I should not have arisen to address the House at all this evening had I not been described by the right hon. Gentleman as a buccaneer. I wish at once to tell him that it is with no predatory instinct that I shall approach the consideration of this Bill to-morrow I, for one, am in entire agreement with what the right hon. Gentleman has said, though not entirely in accord with the hon. Baronet (Sir F. Banbury). I think the right hon. Gentleman is entitled to ask that we should not support Amendments to this Bill which appear to be purely of a vote-catching character, and are moved with a view to trying to make out that those who move the Amendments are public benefactors, while they merely want to obtain kudos from the Amendments. So far as those Amendments are concerned, I promise the right hon. Gentleman that he will have my support. He intimated that there were some Amendments standing in my name which would involve the expenditure of money outside the Financial Resolution. I want to ask the right hon.
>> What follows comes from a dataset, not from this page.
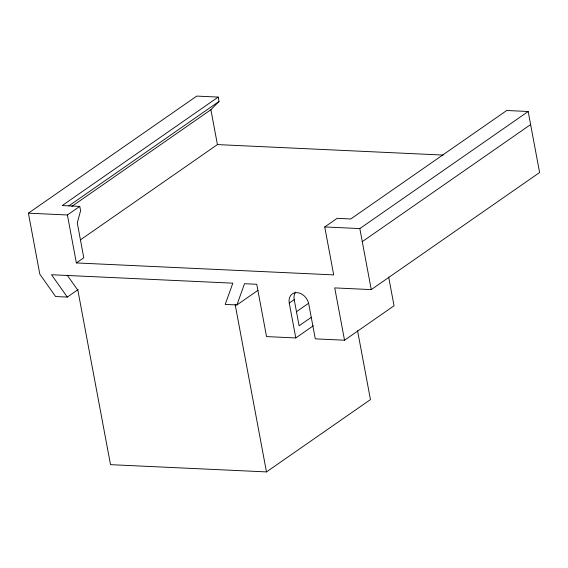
<?xml version="1.0" encoding="UTF-8"?>
<svg xmlns="http://www.w3.org/2000/svg" width="568" height="568" viewBox="0 0 568 568"><rect width="100%" height="100%" fill="white"/><g stroke="black" fill="none" stroke-linecap="round" stroke-linejoin="round"><path stroke-width="0.85" d="M78.178 289.51L67.294 297.078L51.518 274.742L232.83 283.169L225.212 304.42L236.906 304.959L244.524 283.709L256.75 284.277L266.541 336.59L295.786 337.946L313.259 325.791M71.817 206.432L210.898 109.716L219.014 101.452L218.197 97.093L196.748 96.091L28.4 213.17L39.824 274.195L55.6 296.539L67.294 297.078M218.197 97.093L62.224 205.559L79.768 206.376L80.585 210.735L77.269 222.897L83.794 257.765L76.368 262.934L67.393 214.981L79.768 206.376M68.842 205.879L219.014 101.452M80.528 239.788L217.423 144.584L443.139 155.078M76.368 262.934L333.707 274.891L324.733 226.944L337.115 218.332L350.761 218.971L506.734 110.497L528.176 111.498L539.6 172.523L371.252 289.602L334.737 287.905L344.527 340.211L315.283 338.855L308.758 303.979A11.722 8.982 55.2 0 0 296.965 292.626A11.722 8.982 55.2 0 0 289.261 303.078L295.786 337.946M236.906 304.959L258.007 290.291M324.733 226.944L359.828 228.577L528.176 111.498M362.277 241.649L530.626 124.577M289.261 303.078L294.21 299.634A11.722 8.982 55.2 0 1 295.623 292.058M296.347 311.789L308.566 303.298M311.328 317.285L299.109 325.784L294.21 299.634M344.527 340.211L394.043 305.776L388.654 277.006M67.194 275.168L77.88 290.298L110.511 464.66L266.477 471.909L370.457 399.595L357.57 330.725M28.4 213.17L67.393 214.981M359.828 228.577L371.252 289.602M210.898 109.716L217.423 144.584M235.152 304.519L266.477 471.909"/></g></svg>
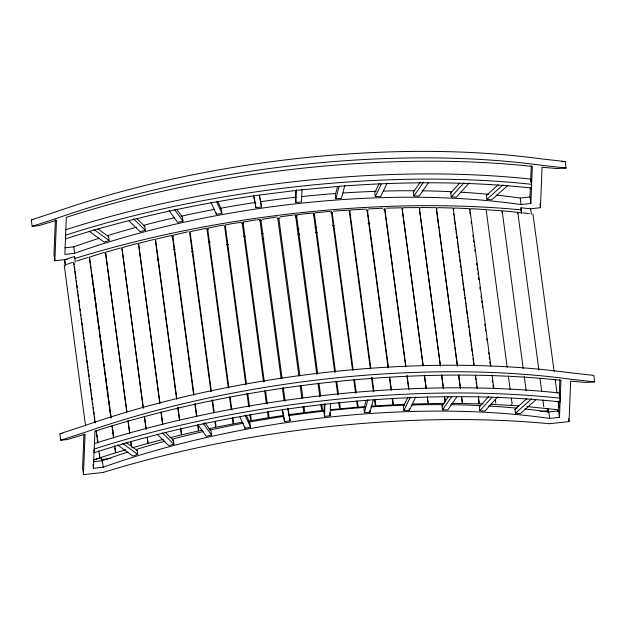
<?xml version="1.0" encoding="UTF-8"?>
<svg xmlns="http://www.w3.org/2000/svg" width="626" height="626" viewBox="0 0 626 626"><rect width="100%" height="100%" fill="white"/><g stroke="black" fill="none" stroke-linecap="round" stroke-linejoin="round"><path stroke-width="0.94" d="M55.385 219.601L53.992 254.273L54.861 260.752L67.311 259.391M54.861 260.752L56.481 220.305L38.875 225.618L32.169 226.346L31.3 219.867L55.691 211.917A451.002 167.494 -7.6 0 1 541.271 158.871L565.239 161.539L566.1 168.018L557.015 168.55L542.061 167.259L540.434 207.707L530.652 208.779L520.949 207.793L521.364 213.552M65.401 237.99L65.511 235.212A473.804 175.961 -7.6 0 1 531.521 184.302L530.832 179.114A473.804 175.961 -7.6 0 0 65.73 229.734M65.362 265.228L64.619 259.673L74.51 256.558L74.424 258.616A475.001 176.407 -7.6 0 1 520.871 209.843M83.939 434.444L82.585 468.154L83.454 474.633L103.024 472.497A475.001 176.407 -7.6 0 1 549.464 423.724L569.034 421.588L570.654 381.14L585.607 382.431L594.7 381.899L593.831 375.42L569.871 372.744A451.002 167.494 -7.6 0 0 84.291 425.79L59.9 433.748L60.761 440.227L67.475 439.499L85.081 434.186L83.454 474.633M93.454 468.271L94.941 431.204A473.804 175.961 -7.6 0 1 560.951 380.295L559.464 417.362L549.675 418.434A407.072 151.179 -7.6 0 0 103.235 467.199L93.454 468.271L92.953 464.57M101.287 459.531L101.373 457.481L93.305 460.032A447.52 166.203 -7.6 0 1 125.677 449.75M295.722 190.421L295.394 198.622L295.91 202.503L301.505 201.893L302.014 189.138M295.91 202.503L296.427 189.748M324.323 404.302L323.986 412.495L324.511 416.384L330.098 415.774L330.614 403.019M324.511 416.384L325.019 403.629M530.864 203.481L532.35 166.414A473.804 175.961 -7.6 0 0 66.34 217.324L64.854 254.391L74.635 253.319A407.072 151.179 -7.6 0 1 521.082 204.553L530.864 203.481L529.995 197.002L530.386 187.244M530.629 181.391L531.255 165.788M530.715 181.9L530.832 179.114M531.521 184.302L531.372 188.011A473.804 175.961 -7.6 0 0 339.863 186.282L299.306 190.046L258.702 195.148A473.804 175.961 -7.6 0 0 65.362 238.913M559.464 417.362L558.595 410.883L558.987 401.125M559.3 393.324L559.847 379.669M559.315 395.773L559.425 392.995A473.804 175.961 -7.6 0 0 94.33 443.607M560.121 398.183L559.973 401.884A473.804 175.961 -7.6 0 0 93.963 452.794L94.111 449.092A473.804 175.961 -7.6 0 1 560.121 398.183L559.425 392.995M337.547 186.478L335.317 194.889L335.841 198.778L341.389 198.403L344.848 185.327M335.841 198.778L339.057 186.626M366.14 400.358L363.917 408.77L364.434 412.659L369.989 412.276L373.198 400.139M364.434 412.659L367.9 399.568M392.471 404.67L392.878 403.473L392.228 398.637M379.231 183.473L374.794 192.698L375.318 196.587L380.764 196.439L387.212 183.035M375.318 196.587L381.367 184.013M407.831 397.353L403.394 406.579L403.911 410.46L409.357 410.32L415.813 396.915M403.911 410.46L410.366 397.056M64.22 265.064L85.551 425.883M66.466 264.477L72.42 262.411M420.273 182.143L413.395 192.057L413.919 195.946L419.201 196.032L428.755 182.268M413.919 195.946L423.434 182.221M456.816 396.915L447.801 409.913L442.512 409.827L441.995 405.938L448.341 396.79M442.512 409.827L451.502 396.861M419.404 208.896L420.813 207.519L436.345 207.668L457.559 366.312M478.194 403.676L479.203 402.463L478.428 396.665M469.109 183.042L456.307 197.174L451.236 196.854L450.72 192.964L459.625 183.128M451.236 196.854L463.96 182.808M497.709 396.923L484.907 411.055L479.837 410.734L479.32 406.845L488.859 396.313M479.837 410.734L491.926 397.385M453.067 209.374L454.734 208.02L469.805 208.677L490.886 366.359M469.523 210.039L471.308 208.693L486.12 209.608L507.201 367.29M510.879 405.249L512.115 404.044L511.34 398.246M507.944 185.343L491.707 199.835L486.903 199.287L486.379 195.398L498.288 184.78M486.903 199.287L503.007 184.913M535.833 399.85L520.308 413.708L515.495 413.168L514.979 409.279L526.881 398.66M515.495 413.168L531.599 398.793M501.559 212.198L503.578 210.884L517.78 212.316L538.869 369.989M517.6 213.31L518.649 212.519L520.425 212.527M221.62 225.391L207.558 228.185L228.897 387.791M231.096 223.834L225.219 225L246.425 383.644M255.862 219.906L242.982 222.073L264.321 381.68M256.879 219.906L259.657 219.468L259.993 220.587L281.082 378.323M262.224 219.21L267.803 218.419M280.127 216.823L291.708 215.211M299.87 214.35L296.646 214.867L296.607 216.033L317.695 373.706M306.857 213.583L300.425 214.295M315.003 212.809L314.401 214.186L335.481 371.86M330.356 211.345L315.559 212.754M32.169 226.346L56.559 218.396A451.002 167.494 -7.6 0 1 542.139 165.35L566.1 168.018M60.761 440.227L85.159 432.276A451.002 167.494 -7.6 0 1 570.732 379.231L594.7 381.899M108.11 236.808L108.611 236.659L109.127 240.548L104.237 242.152L89.025 231.096M136.711 450.681L137.204 450.54L137.728 454.429L132.829 456.033L117.625 444.976M487.044 209.78L502.122 210.821L523.203 368.503M144.035 226.565L144.77 226.385L145.287 230.274L140.146 231.706L129.066 220.939M172.627 440.446L173.363 440.266L173.887 444.155L168.746 445.587L156.969 434.139M188.34 231.706L172.682 235.298L194.021 394.904M176.822 209.444L182.487 217.277L183.003 221.166L177.667 222.418L169.137 210.626M210.978 202.284L216.4 214.397L221.886 213.341L221.369 209.46L217.879 201.674M204.851 422.542L211.079 431.157L211.604 435.047L206.259 436.299L197.738 424.506M239.961 417.033L245.001 428.278L250.486 427.222L249.962 423.332L246.472 415.547M253.522 195.304L255.956 207.73L261.527 206.893L259.508 195.343M282.31 410.14L284.556 421.611L290.12 420.774L287.913 408.262M268.194 218.208L273.382 217.637M273.773 217.425L277.115 216.956M31.3 219.867L33.217 219.656M64.877 247.81L73.774 246.84A407.072 151.179 -7.6 0 1 99.456 238.17M496.449 195.109A407.072 151.179 -7.6 0 1 520.214 198.066L529.995 197.002M59.9 433.748L62.772 433.435M101.193 459.539L110.872 458.482M540.128 411.595L547.86 410.75M93.477 461.691L102.367 460.72A407.072 151.179 -7.6 0 1 128.056 452.05M525.042 408.989A407.072 151.179 -7.6 0 1 548.814 411.947L558.595 410.883M330.614 212.856L332.555 212.676M314.886 227.418L316.826 227.238M332.351 225.814L334.292 225.634M330.418 409.694L365.341 406.485M561.6 161.751L565.239 161.539M366.28 210.485L368.205 210.383M368.01 223.451L369.935 223.341M371.124 406.125L404.779 404.216M368.456 208.896L382.776 208.192M386.07 208.153L401.962 207.785L423.051 365.459M383.605 209.608L385.546 209.569M412.511 403.989L444.444 403.332M441.995 405.938L443.098 405.914M88.196 257.388L76.646 260.972M451.487 403.379L483.288 403.927M450.72 192.964L451.424 192.98M120.716 247.951L105.465 252.341L126.804 411.947M479.32 406.845L480.025 406.861M490.8 404.294L518.711 405.898M154.34 239.39L138.581 243.365L159.92 402.98M486.379 195.398L486.832 195.429M514.979 409.279L515.433 409.31M171.501 235.454L155.522 239.21L176.861 398.825M526.943 406.587L557.516 409.694L557.766 411.548M522.827 212.785L529.471 213.693M206.377 228.302L190.038 231.62L211.377 391.227M224.038 225.102L222.175 225.29M241.808 222.16L231.651 223.74M293.664 214.968L295.495 214.898L316.834 374.512M292.272 215.141L292.702 215.25M307.413 213.521L313.423 213.012L334.761 372.626M333.447 211.181L349.136 210.086L370.349 368.73M365.49 209.123L350.724 209.921L349.848 211.306L370.795 368.018M98.047 228.983L108.611 236.659M94.041 229.585L109.127 240.548M125.889 442.316L137.204 450.54M122.641 443.466L137.728 454.429M136.507 218.349L144.77 226.385M133.588 218.897L145.287 230.274M165.107 432.23L173.363 440.266M162.181 432.769L173.887 444.155M532.937 213.881L554.167 371.758M174.505 209.413L183.003 221.166M203.106 423.293L211.604 435.047M216.463 201.236L221.886 213.341M245.056 415.116L250.486 427.222M259.274 195.398L261.527 206.893M254.125 197.151L255.956 207.73M287.686 408.316L290.12 420.774M282.537 410.077L283.844 416.767M64.642 259.688L65.394 265.236M539.941 204.006L540.434 207.707M568.658 418.81L569.034 421.588M555.199 379.497L557.015 393.042M558.173 401.743L558.955 407.549M530.652 208.779L531.396 214.335M520.214 198.066L521.082 204.553M548.814 411.947L549.675 418.434M520.949 207.793L521.693 213.349M548.313 412.417L547.813 408.708L547.977 412.612M540.027 378.699L541.709 391.273M542.875 399.975L543.783 406.751M524.236 376.242L526.176 390.749M508.367 375.991L510.174 389.536M492.052 375.06L493.859 388.605M495.283 399.247L495.8 403.113M469.782 211.971L470.04 213.912M471.073 221.651L471.331 223.584M472.888 235.188L473.146 237.129M473.53 240.024L473.788 241.965M474.179 244.86L474.438 246.8M474.829 249.704L475.087 251.636M476.636 263.241L476.895 265.181M477.286 268.077L477.544 270.017M477.928 272.92L478.186 274.853M478.577 277.756L478.835 279.689M479.868 287.428L480.126 289.361M481.034 296.129L481.292 298.07M481.684 300.973L481.942 302.906M482.325 305.809L482.583 307.742M484.782 324.19L485.04 326.123M485.432 329.026L485.69 330.958M486.723 338.697L486.981 340.63M488.538 352.242L488.796 354.175M489.18 357.078L489.438 359.011M489.829 361.914L490.088 363.847M492.286 380.295L492.545 382.228M492.936 385.131L493.194 387.064M474.289 365.709L453.208 208.028L437.887 207.621L436.345 208.998L438.936 228.341M475.58 375.381L477.262 387.956M453.584 213.247L453.842 215.18M454.1 217.112L454.492 220.016M454.75 221.956L455.133 224.851M455.392 226.792L455.783 229.687M456.041 231.628L456.424 234.531M456.69 236.464L456.949 238.396M457.332 241.3L457.723 244.203M457.982 246.135L458.24 248.068M458.498 250.009L458.889 252.904M459.148 254.845L459.531 257.748M459.789 259.68L460.18 262.584M460.439 264.516L460.822 267.419M461.08 269.352L461.472 272.255M461.73 274.188L461.988 276.121M462.246 278.061L462.637 280.957M462.896 282.897L463.279 285.8M463.545 287.733L463.929 290.636M464.187 292.569L464.578 295.472M464.836 297.405L465.095 299.338M465.478 302.241L465.744 304.173M466.002 306.114L466.386 309.017M466.644 310.95L467.035 313.853M467.293 315.786L467.677 318.689M467.943 320.622L468.326 323.525M468.584 325.457L468.843 327.39M469.234 330.293L470.142 337.07M470.4 339.002L470.783 341.906M471.042 343.838L471.433 346.741M471.691 348.674L472.074 351.577M472.34 353.51L472.599 355.443M472.982 358.346L473.373 361.249M473.632 363.182L473.89 365.122M475.439 376.727L475.83 379.63M476.089 381.563L476.472 384.466M476.73 386.399L476.996 388.339M478.546 399.944L479.062 403.817M458.725 375.013L460.533 388.558M461.565 396.297L462.348 402.103M439.194 230.274L442.042 251.558M442.3 253.491L450.837 317.335M451.096 319.276L454.586 345.388M454.844 347.328L457.176 364.739M458.592 375.381L460.274 387.956M461.698 398.598L462.348 403.434M440.469 366.226L419.256 207.582L403.527 207.691L402.252 209.076L423.199 365.787M441.635 374.935L443.443 388.472M444.483 396.211L445.258 402.017M419.42 208.873L440.352 365.607M441.651 375.279L443.458 388.824M444.491 396.563L445.164 401.454M424.498 375.459L426.181 388.034M427.339 396.743L428.247 403.512M424.342 375.13L426.149 388.676M427.315 397.385L427.965 402.221M384.92 209.538L405.875 366.249M407.166 375.921L408.974 389.466M384.497 208.27L405.711 366.914M406.869 375.616L408.684 389.161M409.154 408.762L409.357 410.32M367.446 210.281L388.527 367.963M389.818 377.635L391.5 390.209M392.666 398.918L393.441 404.717M366.875 209.037L388.089 367.681M389.38 377.353L391.062 389.928M372.094 377.689L373.902 391.234M375.068 399.936L375.843 405.742M371.515 377.431L373.456 391.946M374.489 399.685L375.138 404.521M369.778 410.726L369.989 412.276M332.156 212.605L353.236 370.287M354.527 379.959L356.21 392.533M357.376 401.235L358.15 407.041M331.31 211.408L352.524 370.052M353.815 379.732L355.623 393.269M356.663 401.008L357.305 405.844M336.772 381.531L338.455 394.106M339.621 402.815L340.395 408.622M335.927 381.336L337.735 394.873M338.768 402.612L339.417 407.456M313.383 214.178L313.556 215.477M329.683 412.667L330.098 415.774M318.986 383.386L320.668 395.961M321.827 404.662L322.609 410.468M318 383.214L319.808 396.759M320.841 404.498L321.49 409.334M295.582 216.048L295.754 217.339M278.813 218.153L299.893 375.827M301.192 385.499L302.867 398.073M304.033 406.783L304.807 412.589M277.772 218.184L298.868 375.921M300.159 385.577L301.834 398.136M303 406.822L303.774 412.62M260.831 219.405L282.044 378.049M283.335 387.721L285.143 401.266M282.373 387.979L284.048 400.538M284.032 417.722L284.556 421.611M265.62 391.36L267.302 403.934M268.335 411.673L268.977 416.509M242.262 223.247L263.483 381.954M264.642 390.647L266.324 403.199M267.482 411.892L268.257 417.691M247.724 393.316L249.531 406.861M250.564 414.6L251.214 419.436M224.609 226.174L245.83 384.88M246.996 393.574L248.671 406.125M249.837 414.819L250.611 420.609M216.197 212.84L216.4 214.397M244.789 426.721L245.001 428.278M230.196 397.471L231.878 410.046M232.911 417.785L233.553 422.62M207.073 229.351L228.294 388.057M229.452 396.751L231.135 409.302M232.293 417.996L233.068 423.786M212.543 399.936L214.225 412.511M215.391 421.22L216.033 426.056M189.67 232.778L210.892 391.485M212.05 400.178L213.732 412.73M214.89 421.423L215.665 427.214M195.187 403.613L196.869 416.188M198.035 424.897L198.677 429.733M172.432 236.448L193.653 395.155M194.819 403.848L196.494 416.4M197.659 425.093L198.434 430.884M178.027 407.534L179.709 420.109M180.867 428.81L181.517 433.654M155.389 240.361L176.61 399.059M177.776 407.753L179.451 420.304M180.484 428.035L181.391 434.796M161.211 412.651L162.76 424.256M159.786 403.199L138.565 244.492L136.851 243.53L121.882 247.74L143.354 408.324M160.952 411.892L162.627 424.444M144.52 417.026L146.202 429.6M147.235 437.339L147.877 442.175M121.992 248.858L143.213 407.565M144.379 416.251L146.054 428.81M147.22 437.496L147.994 443.294M126.788 411.172L105.7 253.436L103.744 252.56L89.346 257.145L110.818 417.722M128.08 420.836L129.754 433.388M130.92 442.081L131.562 446.909M127.97 420.656L129.652 433.231M130.818 441.94L131.46 446.776M92.045 274.305L92.304 276.246M92.695 279.149L92.953 281.082M93.337 283.993L93.603 285.925M93.861 287.866L94.244 290.769M94.636 293.672L94.894 295.613M95.152 297.546L95.41 299.486M95.801 302.389L96.06 304.33M96.451 307.233L96.709 309.174M97.093 312.077L97.351 314.009M97.742 316.92L98 318.853M98.392 321.764L98.65 323.697M98.908 325.637L99.166 327.57M99.557 330.473L99.816 332.414M100.199 335.317L100.465 337.257M100.849 340.161L101.107 342.101M101.498 345.004L101.756 346.937M102.148 349.848L102.406 351.781M102.664 353.721L102.922 355.654M103.313 358.565L103.572 360.498M103.955 363.401L104.213 365.341M104.605 368.245L104.863 370.185M105.254 373.088L105.512 375.029M105.904 377.932L106.162 379.865M106.42 381.805L106.678 383.738M107.069 386.649L107.328 388.582M107.711 391.493L107.969 393.425M108.361 396.328L108.619 398.269M109.01 401.172L109.268 403.113M109.527 405.045L109.918 407.956M110.176 409.889L110.434 411.83M110.818 414.733L111.084 416.666M112.766 429.256L113.024 431.197M113.283 433.129L113.666 436.04M89.698 258.225L89.87 259.524M90.003 260.486L91.036 268.21M91.294 270.142L91.678 273.046M91.936 274.97L95.426 301.043M95.684 302.976L99.166 329.049M99.424 330.982L100.457 338.713M100.716 340.638L102.914 357.055M103.173 358.988L103.556 361.883M103.814 363.816L104.206 366.719M104.464 368.644L107.304 389.888M107.562 391.821L111.045 417.894M112.077 425.625L112.336 427.55M112.594 429.483L113.627 437.214M115.051 447.833L115.693 452.661M111.984 426.431L113.533 438.036M114.566 445.775L115.341 451.581M73.774 246.84L74.635 253.319M102.367 460.72L103.235 467.199M74.51 256.558L75.253 262.114M101.373 457.481L101.866 461.182M74.024 263.217L74.204 264.516M74.463 266.441L74.846 269.344M75.104 271.277L75.496 274.172M75.754 276.105L76.012 278.03M76.395 280.933L76.654 282.858M76.912 284.791L77.303 287.694M77.687 290.589L77.945 292.522M78.203 294.447L78.594 297.35M78.853 299.275L79.236 302.178M79.494 304.111L79.752 306.036M80.144 308.939L80.402 310.864M80.785 313.767L81.044 315.7M81.435 318.595L81.693 320.528M81.951 322.453L82.335 325.356M82.593 327.281L82.984 330.184M83.242 332.116L83.626 335.012M83.884 336.945L84.142 338.869M84.533 341.773L84.792 343.697M85.05 345.63L85.433 348.533M85.692 350.458L86.083 353.361M86.341 355.286L86.724 358.189M86.983 360.114L87.374 363.017M87.632 364.95L88.016 367.845M88.274 369.778L88.532 371.703M88.79 373.636L89.182 376.531M89.565 379.434L89.823 381.367M90.081 383.292L90.473 386.195M90.731 388.12L91.114 391.023M91.373 392.948L91.764 395.851M92.022 397.784L92.28 399.709M92.664 402.612L92.922 404.537M93.313 407.44L93.571 409.365M93.83 411.298L94.213 414.201M94.471 416.126L94.862 419.029M95.121 420.954L95.379 422.886M96.412 430.618L96.67 432.543M96.928 434.475L97.312 437.371M97.57 439.303L97.961 442.206M99.511 453.787L100.027 457.653M73.555 262.153L95.027 422.738M96.06 430.477L97.742 443.052M98.775 450.79L99.557 456.589M132.188 447.848A447.52 166.203 -7.6 0 1 163.308 439.366M169.904 437.699A447.52 166.203 -7.6 0 1 202.261 430.164M208.888 428.74A447.52 166.203 -7.6 0 1 242.192 422.214M248.796 421.04A447.52 166.203 -7.6 0 1 283.727 415.453M288.531 414.764A447.52 166.203 -7.6 0 1 324.323 410.28M171.461 236.777A447.457 166.18 -7.6 0 1 173.379 236.354M206.627 229.546A447.457 166.18 -7.6 0 1 208.544 229.186M241.644 223.459A447.457 166.18 -7.6 0 1 243.53 223.161M259.641 220.743A447.457 166.18 -7.6 0 1 261.566 220.469M277.999 218.255A447.457 166.18 -7.6 0 1 279.939 218.012M295.425 216.166A447.457 166.18 -7.6 0 1 297.358 215.947M157.04 260.001A393.073 145.983 -7.6 0 1 158.91 259.524M191.462 251.816A393.073 145.983 -7.6 0 1 193.332 251.409M226.463 244.805A393.073 145.983 -7.6 0 1 228.373 244.461M262.044 238.96A393.073 145.983 -7.6 0 1 263.976 238.678M297.906 234.32A393.073 145.983 -7.6 0 1 299.846 234.101M315.355 232.512A393.073 145.983 -7.6 0 1 317.296 232.324M173.191 249.743A447.457 166.18 -7.6 0 1 175.116 249.32M208.364 242.512A447.457 166.18 -7.6 0 1 210.273 242.152M243.373 236.417A447.457 166.18 -7.6 0 1 245.267 236.119M261.371 233.701A447.457 166.18 -7.6 0 1 263.303 233.428M297.162 229.124A447.457 166.18 -7.6 0 1 299.095 228.913M136.538 449.39A407.072 151.179 -7.6 0 1 164.967 441.15M172.455 439.147A407.072 151.179 -7.6 0 1 203.168 431.588M209.78 430.093A407.072 151.179 -7.6 0 1 243.444 423.184M249.109 422.135A407.072 151.179 -7.6 0 1 283.406 416.439M289.142 415.594A407.072 151.179 -7.6 0 1 324.691 411.055M330.458 410.429A407.072 151.179 -7.6 0 1 364.981 407.346M370.827 406.931A407.072 151.179 -7.6 0 1 404.834 405.194M411.736 404.975A407.072 151.179 -7.6 0 1 442.926 404.623M450.798 404.693A407.072 151.179 -7.6 0 1 479.845 405.562M488.609 406.024A407.072 151.179 -7.6 0 1 517.225 408.199M107.938 235.509A407.072 151.179 -7.6 0 1 136.366 227.269M143.855 225.266A407.072 151.179 -7.6 0 1 174.568 217.707M181.188 216.213A407.072 151.179 -7.6 0 1 214.843 209.303M220.508 208.255A407.072 151.179 -7.6 0 1 254.805 202.558M260.549 201.713A407.072 151.179 -7.6 0 1 296.098 197.174M301.857 196.556A407.072 151.179 -7.6 0 1 335.434 193.536M343.204 192.988A407.072 151.179 -7.6 0 1 376.234 191.313M383.135 191.102A407.072 151.179 -7.6 0 1 414.326 190.742M422.206 190.813A407.072 151.179 -7.6 0 1 451.252 191.689M460.979 192.198A407.072 151.179 -7.6 0 1 488.624 194.318"/></g></svg>

Gentleman not to assume that every single Amendment which may make a financial adjustment, without necessarily increasing the charge, is outside the terms of this Financial Resolution. There is a very large number of Amendments which we believe will not add a single penny to the estimated charge to be imposed upon the taxpayers. If he approaches every Amendment from the point of view that because it may involve a financial adjustment it will necessarily involve an additional financial charge, it is quite conceivable that even I myself may have a passage of words upstairs with the right hon. Gentleman or the Secretary to the Treasury. I only want to say that it is in no buccaneering spirit that I, and I believe most of my colleagues, will approach the consideration of this Bill. We do not want to prolong the Session by quite unnecessary talk, and we do not want to do anything deliberately to increase the national charge merely with a view to obtaining kudos which we do not deserve.